> [TASK INSTRUCTIONS]:
Lines to return, exactly: from the line with "#205=CIRCLE('',#204,0.05);" to the line with "#214=AXIS2_PLACEMENT_3D('',#211,#212,#213);" in the entries below, both included.

> [DATASET]:
——————

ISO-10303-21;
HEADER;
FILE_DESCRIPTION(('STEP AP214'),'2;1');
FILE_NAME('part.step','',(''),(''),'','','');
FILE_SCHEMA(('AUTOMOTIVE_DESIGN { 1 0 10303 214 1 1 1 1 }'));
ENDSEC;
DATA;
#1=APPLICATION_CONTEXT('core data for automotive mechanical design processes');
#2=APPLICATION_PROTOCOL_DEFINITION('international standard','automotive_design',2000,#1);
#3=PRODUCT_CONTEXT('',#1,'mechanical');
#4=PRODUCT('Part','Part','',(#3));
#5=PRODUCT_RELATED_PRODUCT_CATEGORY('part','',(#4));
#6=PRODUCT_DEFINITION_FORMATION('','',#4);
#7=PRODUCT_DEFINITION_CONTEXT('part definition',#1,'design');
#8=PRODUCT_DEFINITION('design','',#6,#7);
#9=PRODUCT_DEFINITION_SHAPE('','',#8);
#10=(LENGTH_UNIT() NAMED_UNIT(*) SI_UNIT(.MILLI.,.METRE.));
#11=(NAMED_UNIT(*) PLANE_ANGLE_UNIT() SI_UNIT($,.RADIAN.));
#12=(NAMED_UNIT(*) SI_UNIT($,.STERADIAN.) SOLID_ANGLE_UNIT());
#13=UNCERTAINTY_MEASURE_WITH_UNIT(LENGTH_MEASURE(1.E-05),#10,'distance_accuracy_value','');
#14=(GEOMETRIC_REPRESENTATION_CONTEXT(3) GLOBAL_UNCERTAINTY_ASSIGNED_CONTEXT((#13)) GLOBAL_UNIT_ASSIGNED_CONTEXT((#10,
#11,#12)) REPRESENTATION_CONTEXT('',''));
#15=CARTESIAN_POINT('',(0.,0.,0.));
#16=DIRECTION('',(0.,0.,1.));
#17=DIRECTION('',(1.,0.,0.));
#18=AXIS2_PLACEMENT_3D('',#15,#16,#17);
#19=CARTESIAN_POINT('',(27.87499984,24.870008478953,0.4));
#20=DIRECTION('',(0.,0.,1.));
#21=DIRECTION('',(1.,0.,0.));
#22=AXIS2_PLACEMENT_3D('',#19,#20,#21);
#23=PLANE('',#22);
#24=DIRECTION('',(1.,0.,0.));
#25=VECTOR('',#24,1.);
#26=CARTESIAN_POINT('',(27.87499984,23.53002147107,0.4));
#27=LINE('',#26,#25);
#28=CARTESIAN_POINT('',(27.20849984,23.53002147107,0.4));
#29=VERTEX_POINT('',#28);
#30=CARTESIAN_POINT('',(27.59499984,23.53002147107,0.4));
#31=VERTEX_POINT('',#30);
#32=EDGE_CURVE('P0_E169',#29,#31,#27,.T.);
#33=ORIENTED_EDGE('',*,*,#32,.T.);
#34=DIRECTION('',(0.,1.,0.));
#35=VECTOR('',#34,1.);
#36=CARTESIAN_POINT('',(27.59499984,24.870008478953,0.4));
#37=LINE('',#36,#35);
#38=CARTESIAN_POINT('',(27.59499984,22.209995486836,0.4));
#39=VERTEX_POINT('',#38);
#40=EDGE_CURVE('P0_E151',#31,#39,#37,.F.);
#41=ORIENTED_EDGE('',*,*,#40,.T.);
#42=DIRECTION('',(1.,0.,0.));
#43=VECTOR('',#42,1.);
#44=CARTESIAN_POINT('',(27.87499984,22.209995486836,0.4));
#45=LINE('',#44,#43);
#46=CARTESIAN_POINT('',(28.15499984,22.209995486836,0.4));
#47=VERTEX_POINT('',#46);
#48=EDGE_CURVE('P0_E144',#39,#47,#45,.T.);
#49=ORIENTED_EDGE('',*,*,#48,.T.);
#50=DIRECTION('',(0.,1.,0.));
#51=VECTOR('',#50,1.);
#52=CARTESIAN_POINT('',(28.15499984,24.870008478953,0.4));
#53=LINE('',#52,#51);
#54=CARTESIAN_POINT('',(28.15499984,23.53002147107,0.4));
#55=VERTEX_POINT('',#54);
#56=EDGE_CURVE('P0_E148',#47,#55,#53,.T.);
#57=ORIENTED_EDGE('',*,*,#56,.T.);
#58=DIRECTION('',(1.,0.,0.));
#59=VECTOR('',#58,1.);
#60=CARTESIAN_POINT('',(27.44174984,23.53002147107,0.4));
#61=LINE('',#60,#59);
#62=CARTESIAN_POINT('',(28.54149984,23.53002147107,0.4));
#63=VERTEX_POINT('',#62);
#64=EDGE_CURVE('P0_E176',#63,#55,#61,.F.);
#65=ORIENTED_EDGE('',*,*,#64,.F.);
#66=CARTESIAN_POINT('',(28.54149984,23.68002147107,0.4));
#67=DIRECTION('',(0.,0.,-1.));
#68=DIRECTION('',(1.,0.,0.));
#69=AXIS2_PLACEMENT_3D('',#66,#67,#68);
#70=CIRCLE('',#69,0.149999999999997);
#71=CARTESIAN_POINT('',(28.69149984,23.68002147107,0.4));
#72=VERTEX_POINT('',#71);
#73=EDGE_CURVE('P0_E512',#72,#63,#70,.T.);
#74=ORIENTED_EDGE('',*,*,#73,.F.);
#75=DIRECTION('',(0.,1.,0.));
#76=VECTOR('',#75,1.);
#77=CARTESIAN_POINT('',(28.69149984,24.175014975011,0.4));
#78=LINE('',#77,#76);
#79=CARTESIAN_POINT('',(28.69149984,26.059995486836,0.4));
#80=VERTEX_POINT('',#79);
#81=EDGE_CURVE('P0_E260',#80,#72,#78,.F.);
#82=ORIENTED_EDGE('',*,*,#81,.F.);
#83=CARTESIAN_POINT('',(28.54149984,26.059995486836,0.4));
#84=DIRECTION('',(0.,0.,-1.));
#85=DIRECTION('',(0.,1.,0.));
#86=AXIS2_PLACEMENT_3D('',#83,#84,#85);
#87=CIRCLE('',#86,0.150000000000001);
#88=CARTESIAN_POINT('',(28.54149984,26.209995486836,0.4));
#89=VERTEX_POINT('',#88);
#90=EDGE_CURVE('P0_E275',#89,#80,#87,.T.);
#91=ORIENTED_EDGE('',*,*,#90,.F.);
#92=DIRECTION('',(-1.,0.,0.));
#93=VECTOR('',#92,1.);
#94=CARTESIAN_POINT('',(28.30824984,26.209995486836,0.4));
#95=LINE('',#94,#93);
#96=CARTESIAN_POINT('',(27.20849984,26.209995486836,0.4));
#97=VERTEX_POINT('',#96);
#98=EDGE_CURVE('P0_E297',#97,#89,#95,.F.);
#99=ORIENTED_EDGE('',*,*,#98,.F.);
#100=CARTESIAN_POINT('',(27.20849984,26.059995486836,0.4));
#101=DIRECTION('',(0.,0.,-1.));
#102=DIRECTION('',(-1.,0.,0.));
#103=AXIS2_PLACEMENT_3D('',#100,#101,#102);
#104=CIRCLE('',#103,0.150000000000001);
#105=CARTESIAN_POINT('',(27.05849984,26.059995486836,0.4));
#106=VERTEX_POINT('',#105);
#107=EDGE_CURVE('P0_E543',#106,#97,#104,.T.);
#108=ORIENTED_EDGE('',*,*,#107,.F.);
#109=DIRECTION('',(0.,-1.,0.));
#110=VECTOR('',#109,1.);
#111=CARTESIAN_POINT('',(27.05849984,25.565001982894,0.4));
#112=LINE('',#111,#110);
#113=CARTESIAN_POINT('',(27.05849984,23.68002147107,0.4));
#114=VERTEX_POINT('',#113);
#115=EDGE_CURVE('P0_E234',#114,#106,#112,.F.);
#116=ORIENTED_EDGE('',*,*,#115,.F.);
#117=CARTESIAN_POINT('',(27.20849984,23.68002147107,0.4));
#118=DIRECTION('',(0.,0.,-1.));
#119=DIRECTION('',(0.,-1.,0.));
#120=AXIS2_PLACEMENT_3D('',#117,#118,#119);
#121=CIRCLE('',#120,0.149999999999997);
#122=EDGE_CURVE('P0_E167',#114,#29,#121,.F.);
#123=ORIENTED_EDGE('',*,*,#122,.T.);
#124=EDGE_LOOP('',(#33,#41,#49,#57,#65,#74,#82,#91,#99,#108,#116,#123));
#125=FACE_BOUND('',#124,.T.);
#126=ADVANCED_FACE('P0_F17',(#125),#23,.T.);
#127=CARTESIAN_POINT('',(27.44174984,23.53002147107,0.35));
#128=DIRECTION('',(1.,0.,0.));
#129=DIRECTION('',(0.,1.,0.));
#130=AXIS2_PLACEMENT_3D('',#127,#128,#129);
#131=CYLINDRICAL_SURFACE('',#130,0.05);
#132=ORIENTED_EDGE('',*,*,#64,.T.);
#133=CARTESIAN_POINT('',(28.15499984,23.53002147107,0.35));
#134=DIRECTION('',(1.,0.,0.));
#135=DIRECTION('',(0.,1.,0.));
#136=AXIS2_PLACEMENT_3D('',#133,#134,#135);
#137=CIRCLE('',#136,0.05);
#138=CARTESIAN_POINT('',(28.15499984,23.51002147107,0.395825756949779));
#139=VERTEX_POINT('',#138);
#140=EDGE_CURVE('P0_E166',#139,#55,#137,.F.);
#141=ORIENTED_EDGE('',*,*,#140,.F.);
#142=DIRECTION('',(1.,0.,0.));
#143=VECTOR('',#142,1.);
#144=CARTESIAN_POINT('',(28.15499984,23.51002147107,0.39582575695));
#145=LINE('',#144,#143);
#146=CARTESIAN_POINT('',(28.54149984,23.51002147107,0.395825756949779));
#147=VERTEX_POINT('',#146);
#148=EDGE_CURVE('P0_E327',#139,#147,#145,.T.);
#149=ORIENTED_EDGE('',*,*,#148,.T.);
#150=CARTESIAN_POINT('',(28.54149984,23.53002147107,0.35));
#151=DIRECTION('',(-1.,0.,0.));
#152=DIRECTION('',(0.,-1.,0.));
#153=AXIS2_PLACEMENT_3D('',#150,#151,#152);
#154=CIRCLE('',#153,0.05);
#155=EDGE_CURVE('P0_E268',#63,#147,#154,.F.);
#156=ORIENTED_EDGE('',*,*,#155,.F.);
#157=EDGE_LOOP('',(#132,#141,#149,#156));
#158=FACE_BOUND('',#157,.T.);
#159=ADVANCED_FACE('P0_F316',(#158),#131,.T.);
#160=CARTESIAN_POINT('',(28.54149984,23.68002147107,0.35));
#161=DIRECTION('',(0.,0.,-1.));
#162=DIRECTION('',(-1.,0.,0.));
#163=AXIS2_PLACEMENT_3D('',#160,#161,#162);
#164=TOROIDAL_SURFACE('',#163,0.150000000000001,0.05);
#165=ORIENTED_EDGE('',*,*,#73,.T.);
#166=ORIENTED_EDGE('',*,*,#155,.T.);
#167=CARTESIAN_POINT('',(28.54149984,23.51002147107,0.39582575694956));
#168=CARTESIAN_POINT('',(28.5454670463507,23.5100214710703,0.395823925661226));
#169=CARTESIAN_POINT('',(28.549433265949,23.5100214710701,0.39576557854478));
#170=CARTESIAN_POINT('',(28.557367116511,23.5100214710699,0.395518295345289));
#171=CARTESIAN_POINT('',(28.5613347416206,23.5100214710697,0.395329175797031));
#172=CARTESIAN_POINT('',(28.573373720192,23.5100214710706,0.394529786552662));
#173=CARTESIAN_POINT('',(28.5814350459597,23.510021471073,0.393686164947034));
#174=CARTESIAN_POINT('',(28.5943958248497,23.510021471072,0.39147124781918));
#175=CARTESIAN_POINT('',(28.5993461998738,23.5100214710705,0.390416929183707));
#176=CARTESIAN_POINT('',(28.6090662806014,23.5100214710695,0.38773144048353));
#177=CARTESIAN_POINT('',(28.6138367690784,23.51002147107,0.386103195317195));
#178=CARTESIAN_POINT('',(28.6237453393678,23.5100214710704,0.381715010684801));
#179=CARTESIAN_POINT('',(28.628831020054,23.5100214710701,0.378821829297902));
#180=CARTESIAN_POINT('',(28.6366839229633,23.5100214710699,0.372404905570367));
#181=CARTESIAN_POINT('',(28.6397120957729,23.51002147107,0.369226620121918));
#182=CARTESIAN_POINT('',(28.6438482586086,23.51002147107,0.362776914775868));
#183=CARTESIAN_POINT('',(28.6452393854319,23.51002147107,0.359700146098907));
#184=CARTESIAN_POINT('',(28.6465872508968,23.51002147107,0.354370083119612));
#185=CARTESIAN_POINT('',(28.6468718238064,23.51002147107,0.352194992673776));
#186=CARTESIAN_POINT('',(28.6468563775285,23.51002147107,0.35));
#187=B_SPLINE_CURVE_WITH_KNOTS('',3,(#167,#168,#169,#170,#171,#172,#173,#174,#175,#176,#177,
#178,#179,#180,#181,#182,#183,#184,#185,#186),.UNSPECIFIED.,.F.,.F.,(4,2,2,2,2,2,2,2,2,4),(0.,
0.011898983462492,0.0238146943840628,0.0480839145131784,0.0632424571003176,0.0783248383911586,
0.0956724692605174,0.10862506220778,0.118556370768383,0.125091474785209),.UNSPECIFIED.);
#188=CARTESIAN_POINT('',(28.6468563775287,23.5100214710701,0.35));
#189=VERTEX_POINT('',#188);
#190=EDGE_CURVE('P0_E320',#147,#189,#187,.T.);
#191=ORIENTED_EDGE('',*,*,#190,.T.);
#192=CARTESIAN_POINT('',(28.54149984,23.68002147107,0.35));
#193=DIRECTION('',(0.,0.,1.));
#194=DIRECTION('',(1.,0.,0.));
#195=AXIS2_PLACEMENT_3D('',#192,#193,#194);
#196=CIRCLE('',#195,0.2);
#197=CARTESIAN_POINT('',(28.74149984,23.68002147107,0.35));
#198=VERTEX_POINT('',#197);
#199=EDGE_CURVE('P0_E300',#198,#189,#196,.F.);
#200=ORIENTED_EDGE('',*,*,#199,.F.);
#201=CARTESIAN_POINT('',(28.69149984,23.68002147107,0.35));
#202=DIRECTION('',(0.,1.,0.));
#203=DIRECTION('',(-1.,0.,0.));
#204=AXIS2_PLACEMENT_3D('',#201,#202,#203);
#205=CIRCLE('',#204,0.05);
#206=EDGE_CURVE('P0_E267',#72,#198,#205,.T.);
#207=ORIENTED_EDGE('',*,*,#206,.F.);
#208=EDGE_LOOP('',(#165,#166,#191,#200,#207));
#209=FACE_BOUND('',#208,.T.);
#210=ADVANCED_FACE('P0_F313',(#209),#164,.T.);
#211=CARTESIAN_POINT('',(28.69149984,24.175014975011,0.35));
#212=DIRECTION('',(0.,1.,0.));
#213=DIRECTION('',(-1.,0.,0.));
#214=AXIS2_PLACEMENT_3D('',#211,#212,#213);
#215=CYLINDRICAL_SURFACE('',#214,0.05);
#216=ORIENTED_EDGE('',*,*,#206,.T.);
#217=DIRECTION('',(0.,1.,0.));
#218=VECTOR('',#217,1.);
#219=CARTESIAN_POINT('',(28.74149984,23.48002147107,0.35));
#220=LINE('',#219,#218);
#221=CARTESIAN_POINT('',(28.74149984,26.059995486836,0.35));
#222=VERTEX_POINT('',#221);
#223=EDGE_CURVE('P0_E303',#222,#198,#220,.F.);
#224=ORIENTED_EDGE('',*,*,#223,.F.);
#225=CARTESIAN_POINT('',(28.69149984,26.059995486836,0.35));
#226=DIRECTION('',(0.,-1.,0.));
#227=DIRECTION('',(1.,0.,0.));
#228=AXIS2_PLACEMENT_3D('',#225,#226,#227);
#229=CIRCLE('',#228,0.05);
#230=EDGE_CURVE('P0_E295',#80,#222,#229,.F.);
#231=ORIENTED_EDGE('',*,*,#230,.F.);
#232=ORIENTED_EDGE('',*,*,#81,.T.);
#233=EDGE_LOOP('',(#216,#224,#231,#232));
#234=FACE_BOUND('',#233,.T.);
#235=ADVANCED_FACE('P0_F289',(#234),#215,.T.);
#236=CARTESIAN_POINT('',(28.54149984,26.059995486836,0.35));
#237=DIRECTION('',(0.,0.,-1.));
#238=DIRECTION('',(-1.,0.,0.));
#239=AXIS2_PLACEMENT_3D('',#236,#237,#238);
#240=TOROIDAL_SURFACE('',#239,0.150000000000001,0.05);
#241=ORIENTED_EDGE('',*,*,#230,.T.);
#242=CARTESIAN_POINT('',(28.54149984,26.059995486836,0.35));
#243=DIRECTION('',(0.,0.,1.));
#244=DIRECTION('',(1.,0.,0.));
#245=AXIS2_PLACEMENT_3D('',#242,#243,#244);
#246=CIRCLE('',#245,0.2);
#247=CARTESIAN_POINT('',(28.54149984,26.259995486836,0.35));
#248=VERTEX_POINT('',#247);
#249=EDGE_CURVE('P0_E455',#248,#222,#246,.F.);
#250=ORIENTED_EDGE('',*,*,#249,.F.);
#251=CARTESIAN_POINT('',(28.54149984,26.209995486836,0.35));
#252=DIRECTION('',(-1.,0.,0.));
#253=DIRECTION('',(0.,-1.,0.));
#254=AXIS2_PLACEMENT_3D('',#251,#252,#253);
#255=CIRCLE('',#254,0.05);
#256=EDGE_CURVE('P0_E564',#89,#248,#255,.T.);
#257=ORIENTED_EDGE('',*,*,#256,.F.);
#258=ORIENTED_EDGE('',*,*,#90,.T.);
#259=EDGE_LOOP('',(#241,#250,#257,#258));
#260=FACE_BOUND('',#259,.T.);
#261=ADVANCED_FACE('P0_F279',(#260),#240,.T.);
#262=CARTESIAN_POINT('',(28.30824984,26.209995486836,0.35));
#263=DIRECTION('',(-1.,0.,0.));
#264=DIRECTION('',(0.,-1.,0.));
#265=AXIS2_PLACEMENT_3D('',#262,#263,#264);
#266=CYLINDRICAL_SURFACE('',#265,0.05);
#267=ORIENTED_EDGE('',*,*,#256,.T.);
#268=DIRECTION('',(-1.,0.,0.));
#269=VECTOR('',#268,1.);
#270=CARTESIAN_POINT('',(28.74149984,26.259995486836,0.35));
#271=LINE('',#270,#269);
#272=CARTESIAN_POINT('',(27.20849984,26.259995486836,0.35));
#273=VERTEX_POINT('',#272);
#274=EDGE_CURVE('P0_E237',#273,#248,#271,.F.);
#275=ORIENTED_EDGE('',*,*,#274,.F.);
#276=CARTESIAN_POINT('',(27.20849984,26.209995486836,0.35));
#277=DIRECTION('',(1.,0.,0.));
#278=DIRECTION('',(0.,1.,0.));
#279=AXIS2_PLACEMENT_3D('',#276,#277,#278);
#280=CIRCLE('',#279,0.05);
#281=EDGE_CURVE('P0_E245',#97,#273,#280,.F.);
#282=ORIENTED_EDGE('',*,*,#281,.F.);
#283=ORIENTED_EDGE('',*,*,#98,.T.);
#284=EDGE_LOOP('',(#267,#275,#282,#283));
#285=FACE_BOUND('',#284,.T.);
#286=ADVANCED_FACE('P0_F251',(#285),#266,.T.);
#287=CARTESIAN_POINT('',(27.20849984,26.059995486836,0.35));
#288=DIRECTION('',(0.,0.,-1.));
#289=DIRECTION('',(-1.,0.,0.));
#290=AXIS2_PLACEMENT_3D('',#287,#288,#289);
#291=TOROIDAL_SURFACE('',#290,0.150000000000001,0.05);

——————

> [EXERCISE SOLUTION]:
#205=CIRCLE('',#204,0.05);
#206=EDGE_CURVE('P0_E267',#72,#198,#205,.T.);
#207=ORIENTED_EDGE('',*,*,#206,.F.);
#208=EDGE_LOOP('',(#165,#166,#191,#200,#207));
#209=FACE_BOUND('',#208,.T.);
#210=ADVANCED_FACE('P0_F313',(#209),#164,.T.);
#211=CARTESIAN_POINT('',(28.69149984,24.175014975011,0.35));
#212=DIRECTION('',(0.,1.,0.));
#213=DIRECTION('',(-1.,0.,0.));
#214=AXIS2_PLACEMENT_3D('',#211,#212,#213);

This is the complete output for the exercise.